→ **Work instruction**
Please restate, word for word, the lines below that begin at the one with "line M26 (42, 3) -> (42, 0)" and end at the one with "circle A2 centre (130, 0) radius 1.5". Leave out all other lines.

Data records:
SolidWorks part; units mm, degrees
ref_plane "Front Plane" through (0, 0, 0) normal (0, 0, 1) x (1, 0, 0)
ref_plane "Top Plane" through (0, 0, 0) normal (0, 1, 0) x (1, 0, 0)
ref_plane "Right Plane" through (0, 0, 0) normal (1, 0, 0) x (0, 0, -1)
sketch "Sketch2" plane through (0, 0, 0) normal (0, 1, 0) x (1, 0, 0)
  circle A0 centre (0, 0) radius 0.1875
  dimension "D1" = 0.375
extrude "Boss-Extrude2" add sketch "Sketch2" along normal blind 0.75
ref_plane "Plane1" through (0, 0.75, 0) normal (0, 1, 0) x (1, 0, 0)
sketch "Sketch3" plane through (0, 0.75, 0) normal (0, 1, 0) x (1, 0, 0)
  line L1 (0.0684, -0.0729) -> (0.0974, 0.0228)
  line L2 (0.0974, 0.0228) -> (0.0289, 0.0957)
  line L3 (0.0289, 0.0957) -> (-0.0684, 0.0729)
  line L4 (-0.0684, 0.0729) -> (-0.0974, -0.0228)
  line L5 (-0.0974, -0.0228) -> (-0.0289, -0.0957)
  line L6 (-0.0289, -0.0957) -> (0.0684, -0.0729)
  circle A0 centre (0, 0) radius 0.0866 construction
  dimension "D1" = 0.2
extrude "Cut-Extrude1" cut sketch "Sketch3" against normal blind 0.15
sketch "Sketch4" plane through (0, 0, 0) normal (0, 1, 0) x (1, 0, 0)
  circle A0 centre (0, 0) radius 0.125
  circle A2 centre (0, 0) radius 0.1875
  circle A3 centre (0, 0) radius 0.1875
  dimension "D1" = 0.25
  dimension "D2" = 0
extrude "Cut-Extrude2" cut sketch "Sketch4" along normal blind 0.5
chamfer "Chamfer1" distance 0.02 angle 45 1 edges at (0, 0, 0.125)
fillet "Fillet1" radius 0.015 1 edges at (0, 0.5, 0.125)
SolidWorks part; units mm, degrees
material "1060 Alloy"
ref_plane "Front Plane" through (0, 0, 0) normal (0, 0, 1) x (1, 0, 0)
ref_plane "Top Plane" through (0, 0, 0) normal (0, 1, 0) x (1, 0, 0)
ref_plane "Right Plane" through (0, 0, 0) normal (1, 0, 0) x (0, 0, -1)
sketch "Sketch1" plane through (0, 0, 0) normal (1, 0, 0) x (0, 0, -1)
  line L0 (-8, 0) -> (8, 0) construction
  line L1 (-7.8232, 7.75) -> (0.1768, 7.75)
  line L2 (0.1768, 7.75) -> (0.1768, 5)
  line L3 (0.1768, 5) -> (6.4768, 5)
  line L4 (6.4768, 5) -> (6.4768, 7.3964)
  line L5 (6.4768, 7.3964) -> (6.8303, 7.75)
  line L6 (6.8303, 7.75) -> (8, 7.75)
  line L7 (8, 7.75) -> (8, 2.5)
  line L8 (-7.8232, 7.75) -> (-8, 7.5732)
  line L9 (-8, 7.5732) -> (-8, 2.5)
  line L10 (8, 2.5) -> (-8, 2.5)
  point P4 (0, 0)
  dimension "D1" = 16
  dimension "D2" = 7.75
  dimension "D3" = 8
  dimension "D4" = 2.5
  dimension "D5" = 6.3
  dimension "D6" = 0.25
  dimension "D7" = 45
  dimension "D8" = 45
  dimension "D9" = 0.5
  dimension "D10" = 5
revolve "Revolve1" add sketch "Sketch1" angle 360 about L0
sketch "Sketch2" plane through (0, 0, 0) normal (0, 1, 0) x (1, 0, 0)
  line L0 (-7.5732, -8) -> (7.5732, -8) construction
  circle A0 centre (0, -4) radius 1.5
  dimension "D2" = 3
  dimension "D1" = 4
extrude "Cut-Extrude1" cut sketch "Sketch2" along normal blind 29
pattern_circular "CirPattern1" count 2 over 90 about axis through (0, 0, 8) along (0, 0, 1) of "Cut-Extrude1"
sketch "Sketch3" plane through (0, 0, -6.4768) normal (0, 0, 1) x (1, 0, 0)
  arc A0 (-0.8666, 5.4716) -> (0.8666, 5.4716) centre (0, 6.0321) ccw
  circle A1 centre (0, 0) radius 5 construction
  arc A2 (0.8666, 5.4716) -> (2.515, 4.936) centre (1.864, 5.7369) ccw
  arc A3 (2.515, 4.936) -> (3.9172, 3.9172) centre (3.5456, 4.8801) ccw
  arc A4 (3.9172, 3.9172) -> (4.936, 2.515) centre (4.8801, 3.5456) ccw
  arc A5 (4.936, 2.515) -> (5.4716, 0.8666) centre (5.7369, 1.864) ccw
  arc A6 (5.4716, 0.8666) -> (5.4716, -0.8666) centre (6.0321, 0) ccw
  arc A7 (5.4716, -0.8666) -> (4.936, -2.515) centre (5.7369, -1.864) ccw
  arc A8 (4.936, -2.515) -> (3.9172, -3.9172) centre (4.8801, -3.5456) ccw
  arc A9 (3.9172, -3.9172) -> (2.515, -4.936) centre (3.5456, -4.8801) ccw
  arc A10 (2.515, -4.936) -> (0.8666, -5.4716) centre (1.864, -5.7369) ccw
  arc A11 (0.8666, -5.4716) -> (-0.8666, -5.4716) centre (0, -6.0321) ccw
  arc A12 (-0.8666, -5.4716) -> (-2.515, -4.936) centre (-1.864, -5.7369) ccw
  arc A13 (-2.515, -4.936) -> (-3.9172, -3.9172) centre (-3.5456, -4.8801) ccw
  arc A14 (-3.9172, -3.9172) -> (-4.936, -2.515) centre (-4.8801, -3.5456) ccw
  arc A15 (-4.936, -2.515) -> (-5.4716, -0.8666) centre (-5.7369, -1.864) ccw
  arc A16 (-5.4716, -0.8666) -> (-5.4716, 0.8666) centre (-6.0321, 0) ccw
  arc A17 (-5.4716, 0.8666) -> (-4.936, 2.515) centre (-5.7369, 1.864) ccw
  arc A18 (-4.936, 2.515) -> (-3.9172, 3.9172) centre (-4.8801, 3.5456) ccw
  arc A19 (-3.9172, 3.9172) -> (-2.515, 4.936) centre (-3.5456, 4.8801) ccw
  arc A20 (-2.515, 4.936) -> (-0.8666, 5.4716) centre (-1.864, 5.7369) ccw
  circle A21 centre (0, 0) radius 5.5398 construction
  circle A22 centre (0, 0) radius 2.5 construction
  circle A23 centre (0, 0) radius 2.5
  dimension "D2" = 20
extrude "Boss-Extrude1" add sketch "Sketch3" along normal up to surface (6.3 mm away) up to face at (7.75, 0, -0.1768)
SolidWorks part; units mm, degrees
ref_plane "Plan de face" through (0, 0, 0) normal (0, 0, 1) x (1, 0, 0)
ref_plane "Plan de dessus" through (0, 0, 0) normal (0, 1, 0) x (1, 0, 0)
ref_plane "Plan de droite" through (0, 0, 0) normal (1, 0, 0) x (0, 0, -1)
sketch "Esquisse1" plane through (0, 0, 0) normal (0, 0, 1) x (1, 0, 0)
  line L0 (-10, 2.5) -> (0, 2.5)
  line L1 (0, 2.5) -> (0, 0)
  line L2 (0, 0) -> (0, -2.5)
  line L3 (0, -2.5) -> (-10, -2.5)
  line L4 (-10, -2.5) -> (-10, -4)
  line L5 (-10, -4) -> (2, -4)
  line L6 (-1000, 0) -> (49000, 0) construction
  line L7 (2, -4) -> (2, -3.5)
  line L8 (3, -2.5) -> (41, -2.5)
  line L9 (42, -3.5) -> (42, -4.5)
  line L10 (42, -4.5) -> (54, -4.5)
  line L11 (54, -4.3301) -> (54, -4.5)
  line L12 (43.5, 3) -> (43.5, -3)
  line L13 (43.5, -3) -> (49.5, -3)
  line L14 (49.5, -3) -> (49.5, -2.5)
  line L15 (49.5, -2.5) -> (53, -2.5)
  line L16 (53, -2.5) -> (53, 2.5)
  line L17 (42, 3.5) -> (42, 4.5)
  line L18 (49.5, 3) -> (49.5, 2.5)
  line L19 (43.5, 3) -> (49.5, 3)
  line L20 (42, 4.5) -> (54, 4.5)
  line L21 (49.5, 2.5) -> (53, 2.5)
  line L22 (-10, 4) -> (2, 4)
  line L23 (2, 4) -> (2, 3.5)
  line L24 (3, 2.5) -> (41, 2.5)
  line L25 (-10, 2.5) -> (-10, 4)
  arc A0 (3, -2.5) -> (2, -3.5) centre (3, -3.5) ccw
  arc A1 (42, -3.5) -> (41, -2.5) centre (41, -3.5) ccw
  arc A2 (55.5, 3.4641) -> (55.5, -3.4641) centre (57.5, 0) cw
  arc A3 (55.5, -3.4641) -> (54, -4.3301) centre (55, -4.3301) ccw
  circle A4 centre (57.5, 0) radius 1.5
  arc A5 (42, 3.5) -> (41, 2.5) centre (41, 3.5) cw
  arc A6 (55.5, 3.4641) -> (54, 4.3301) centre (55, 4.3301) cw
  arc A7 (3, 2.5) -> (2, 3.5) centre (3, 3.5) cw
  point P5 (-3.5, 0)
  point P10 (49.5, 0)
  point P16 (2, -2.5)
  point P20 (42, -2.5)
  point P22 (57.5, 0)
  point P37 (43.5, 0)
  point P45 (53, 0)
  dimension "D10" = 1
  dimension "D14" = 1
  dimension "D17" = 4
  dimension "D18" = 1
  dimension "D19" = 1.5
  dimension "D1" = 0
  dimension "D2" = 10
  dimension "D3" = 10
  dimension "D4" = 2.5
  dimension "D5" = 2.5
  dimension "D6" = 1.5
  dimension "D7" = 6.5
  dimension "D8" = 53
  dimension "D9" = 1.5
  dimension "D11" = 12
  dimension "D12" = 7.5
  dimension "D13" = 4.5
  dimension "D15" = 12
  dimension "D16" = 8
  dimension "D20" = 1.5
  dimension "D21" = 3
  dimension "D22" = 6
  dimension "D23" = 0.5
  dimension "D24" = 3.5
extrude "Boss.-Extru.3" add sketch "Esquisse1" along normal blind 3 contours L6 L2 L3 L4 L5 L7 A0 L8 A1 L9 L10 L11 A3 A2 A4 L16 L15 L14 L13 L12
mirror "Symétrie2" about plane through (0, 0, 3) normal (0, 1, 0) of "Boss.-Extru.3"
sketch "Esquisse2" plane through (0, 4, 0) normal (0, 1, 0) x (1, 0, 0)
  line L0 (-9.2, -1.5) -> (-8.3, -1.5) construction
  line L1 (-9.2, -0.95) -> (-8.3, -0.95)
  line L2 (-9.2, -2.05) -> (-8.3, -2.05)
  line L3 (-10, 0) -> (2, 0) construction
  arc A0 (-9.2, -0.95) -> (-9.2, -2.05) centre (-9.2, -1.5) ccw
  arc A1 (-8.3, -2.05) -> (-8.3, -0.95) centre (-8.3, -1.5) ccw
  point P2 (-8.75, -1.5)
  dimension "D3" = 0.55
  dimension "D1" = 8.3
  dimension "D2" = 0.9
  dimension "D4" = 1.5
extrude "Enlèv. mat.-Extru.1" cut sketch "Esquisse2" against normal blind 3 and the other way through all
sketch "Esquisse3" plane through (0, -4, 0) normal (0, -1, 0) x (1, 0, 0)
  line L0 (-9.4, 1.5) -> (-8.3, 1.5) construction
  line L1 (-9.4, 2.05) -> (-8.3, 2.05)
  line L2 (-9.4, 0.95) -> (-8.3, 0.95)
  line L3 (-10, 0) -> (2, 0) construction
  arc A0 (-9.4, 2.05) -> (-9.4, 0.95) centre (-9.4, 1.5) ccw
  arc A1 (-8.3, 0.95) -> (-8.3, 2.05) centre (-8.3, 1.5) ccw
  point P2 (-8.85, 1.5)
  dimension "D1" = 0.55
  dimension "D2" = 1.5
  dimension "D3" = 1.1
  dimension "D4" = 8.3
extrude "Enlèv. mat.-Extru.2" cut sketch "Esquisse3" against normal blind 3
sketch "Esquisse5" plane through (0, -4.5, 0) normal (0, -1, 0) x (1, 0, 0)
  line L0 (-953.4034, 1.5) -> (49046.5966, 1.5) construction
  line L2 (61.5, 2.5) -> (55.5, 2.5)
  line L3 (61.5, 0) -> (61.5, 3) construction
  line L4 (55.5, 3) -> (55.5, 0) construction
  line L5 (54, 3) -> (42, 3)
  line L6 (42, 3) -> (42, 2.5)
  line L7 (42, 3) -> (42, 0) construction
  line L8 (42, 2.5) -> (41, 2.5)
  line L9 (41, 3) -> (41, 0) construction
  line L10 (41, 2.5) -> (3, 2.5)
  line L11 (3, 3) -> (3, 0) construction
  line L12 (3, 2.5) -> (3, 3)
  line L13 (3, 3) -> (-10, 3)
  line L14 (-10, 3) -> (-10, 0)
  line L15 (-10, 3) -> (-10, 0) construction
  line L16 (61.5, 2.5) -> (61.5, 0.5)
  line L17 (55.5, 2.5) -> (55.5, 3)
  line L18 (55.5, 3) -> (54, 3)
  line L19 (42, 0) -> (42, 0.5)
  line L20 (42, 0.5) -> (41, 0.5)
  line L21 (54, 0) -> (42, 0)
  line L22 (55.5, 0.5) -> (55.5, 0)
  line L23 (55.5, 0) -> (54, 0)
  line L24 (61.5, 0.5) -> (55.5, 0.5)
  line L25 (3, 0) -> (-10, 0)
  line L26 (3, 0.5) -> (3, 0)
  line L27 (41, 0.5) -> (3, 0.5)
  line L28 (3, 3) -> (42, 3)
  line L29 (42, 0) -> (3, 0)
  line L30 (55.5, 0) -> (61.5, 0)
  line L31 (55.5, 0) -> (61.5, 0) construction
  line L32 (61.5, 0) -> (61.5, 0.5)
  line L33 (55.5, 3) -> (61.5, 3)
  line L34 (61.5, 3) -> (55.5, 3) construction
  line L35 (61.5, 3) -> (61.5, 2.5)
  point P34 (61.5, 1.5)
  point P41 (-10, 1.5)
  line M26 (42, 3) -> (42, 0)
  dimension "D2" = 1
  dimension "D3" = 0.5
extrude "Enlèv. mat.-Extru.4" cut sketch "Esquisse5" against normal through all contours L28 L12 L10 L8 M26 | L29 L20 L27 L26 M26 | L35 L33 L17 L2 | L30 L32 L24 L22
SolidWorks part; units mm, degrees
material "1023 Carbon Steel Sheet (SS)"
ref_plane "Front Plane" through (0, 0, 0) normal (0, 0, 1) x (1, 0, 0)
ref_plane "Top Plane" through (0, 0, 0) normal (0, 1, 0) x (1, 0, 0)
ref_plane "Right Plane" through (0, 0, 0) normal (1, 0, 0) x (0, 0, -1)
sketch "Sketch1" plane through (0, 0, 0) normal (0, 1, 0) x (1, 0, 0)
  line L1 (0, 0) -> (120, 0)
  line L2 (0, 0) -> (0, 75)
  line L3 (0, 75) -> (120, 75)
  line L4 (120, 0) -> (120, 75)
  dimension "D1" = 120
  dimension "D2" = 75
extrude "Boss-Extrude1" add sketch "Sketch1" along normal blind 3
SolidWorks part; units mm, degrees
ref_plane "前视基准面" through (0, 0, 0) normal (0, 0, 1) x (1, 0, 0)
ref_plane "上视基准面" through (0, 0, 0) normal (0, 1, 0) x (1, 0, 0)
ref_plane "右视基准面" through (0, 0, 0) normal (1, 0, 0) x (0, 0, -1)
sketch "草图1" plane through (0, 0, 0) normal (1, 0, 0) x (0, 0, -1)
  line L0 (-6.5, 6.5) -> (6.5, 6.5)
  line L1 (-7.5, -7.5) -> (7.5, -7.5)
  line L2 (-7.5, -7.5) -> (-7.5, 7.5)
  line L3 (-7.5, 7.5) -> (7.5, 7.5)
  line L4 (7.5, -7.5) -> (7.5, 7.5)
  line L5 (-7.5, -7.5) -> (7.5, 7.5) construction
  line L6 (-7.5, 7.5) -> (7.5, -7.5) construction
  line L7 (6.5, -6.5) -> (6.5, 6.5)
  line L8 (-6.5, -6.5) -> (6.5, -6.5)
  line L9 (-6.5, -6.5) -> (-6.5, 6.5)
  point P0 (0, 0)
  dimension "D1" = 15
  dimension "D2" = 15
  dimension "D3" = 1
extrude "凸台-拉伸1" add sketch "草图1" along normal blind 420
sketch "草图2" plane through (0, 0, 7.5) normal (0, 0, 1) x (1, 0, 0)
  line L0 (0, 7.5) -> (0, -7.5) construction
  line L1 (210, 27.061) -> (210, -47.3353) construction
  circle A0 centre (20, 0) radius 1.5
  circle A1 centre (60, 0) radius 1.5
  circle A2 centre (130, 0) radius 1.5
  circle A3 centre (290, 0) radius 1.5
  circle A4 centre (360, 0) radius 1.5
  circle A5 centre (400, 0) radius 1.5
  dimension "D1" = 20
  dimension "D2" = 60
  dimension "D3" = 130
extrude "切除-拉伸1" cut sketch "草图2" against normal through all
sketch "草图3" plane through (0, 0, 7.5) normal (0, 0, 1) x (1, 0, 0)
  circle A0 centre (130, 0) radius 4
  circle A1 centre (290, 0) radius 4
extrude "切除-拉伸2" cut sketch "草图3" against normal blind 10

→ **Answer box**
  line M26 (42, 3) -> (42, 0)
  dimension "D2" = 1
  dimension "D3" = 0.5
extrude "Enlèv. mat.-Extru.4" cut sketch "Esquisse5" against normal through all contours L28 L12 L10 L8 M26 | L29 L20 L27 L26 M26 | L35 L33 L17 L2 | L30 L32 L24 L22
SolidWorks part; units mm, degrees
material "1023 Carbon Steel Sheet (SS)"
ref_plane "Front Plane" through (0, 0, 0) normal (0, 0, 1) x (1, 0, 0)
ref_plane "Top Plane" through (0, 0, 0) normal (0, 1, 0) x (1, 0, 0)
ref_plane "Right Plane" through (0, 0, 0) normal (1, 0, 0) x (0, 0, -1)
sketch "Sketch1" plane through (0, 0, 0) normal (0, 1, 0) x (1, 0, 0)
  line L1 (0, 0) -> (120, 0)
  line L2 (0, 0) -> (0, 75)
  line L3 (0, 75) -> (120, 75)
  line L4 (120, 0) -> (120, 75)
  dimension "D1" = 120
  dimension "D2" = 75
extrude "Boss-Extrude1" add sketch "Sketch1" along normal blind 3
SolidWorks part; units mm, degrees
ref_plane "前视基准面" through (0, 0, 0) normal (0, 0, 1) x (1, 0, 0)
ref_plane "上视基准面" through (0, 0, 0) normal (0, 1, 0) x (1, 0, 0)
ref_plane "右视基准面" through (0, 0, 0) normal (1, 0, 0) x (0, 0, -1)
sketch "草图1" plane through (0, 0, 0) normal (1, 0, 0) x (0, 0, -1)
  line L0 (-6.5, 6.5) -> (6.5, 6.5)
  line L1 (-7.5, -7.5) -> (7.5, -7.5)
  line L2 (-7.5, -7.5) -> (-7.5, 7.5)
  line L3 (-7.5, 7.5) -> (7.5, 7.5)
  line L4 (7.5, -7.5) -> (7.5, 7.5)
  line L5 (-7.5, -7.5) -> (7.5, 7.5) construction
  line L6 (-7.5, 7.5) -> (7.5, -7.5) construction
  line L7 (6.5, -6.5) -> (6.5, 6.5)
  line L8 (-6.5, -6.5) -> (6.5, -6.5)
  line L9 (-6.5, -6.5) -> (-6.5, 6.5)
  point P0 (0, 0)
  dimension "D1" = 15
  dimension "D2" = 15
  dimension "D3" = 1
extrude "凸台-拉伸1" add sketch "草图1" along normal blind 420
sketch "草图2" plane through (0, 0, 7.5) normal (0, 0, 1) x (1, 0, 0)
  line L0 (0, 7.5) -> (0, -7.5) construction
  line L1 (210, 27.061) -> (210, -47.3353) construction
  circle A0 centre (20, 0) radius 1.5
  circle A1 centre (60, 0) radius 1.5
  circle A2 centre (130, 0) radius 1.5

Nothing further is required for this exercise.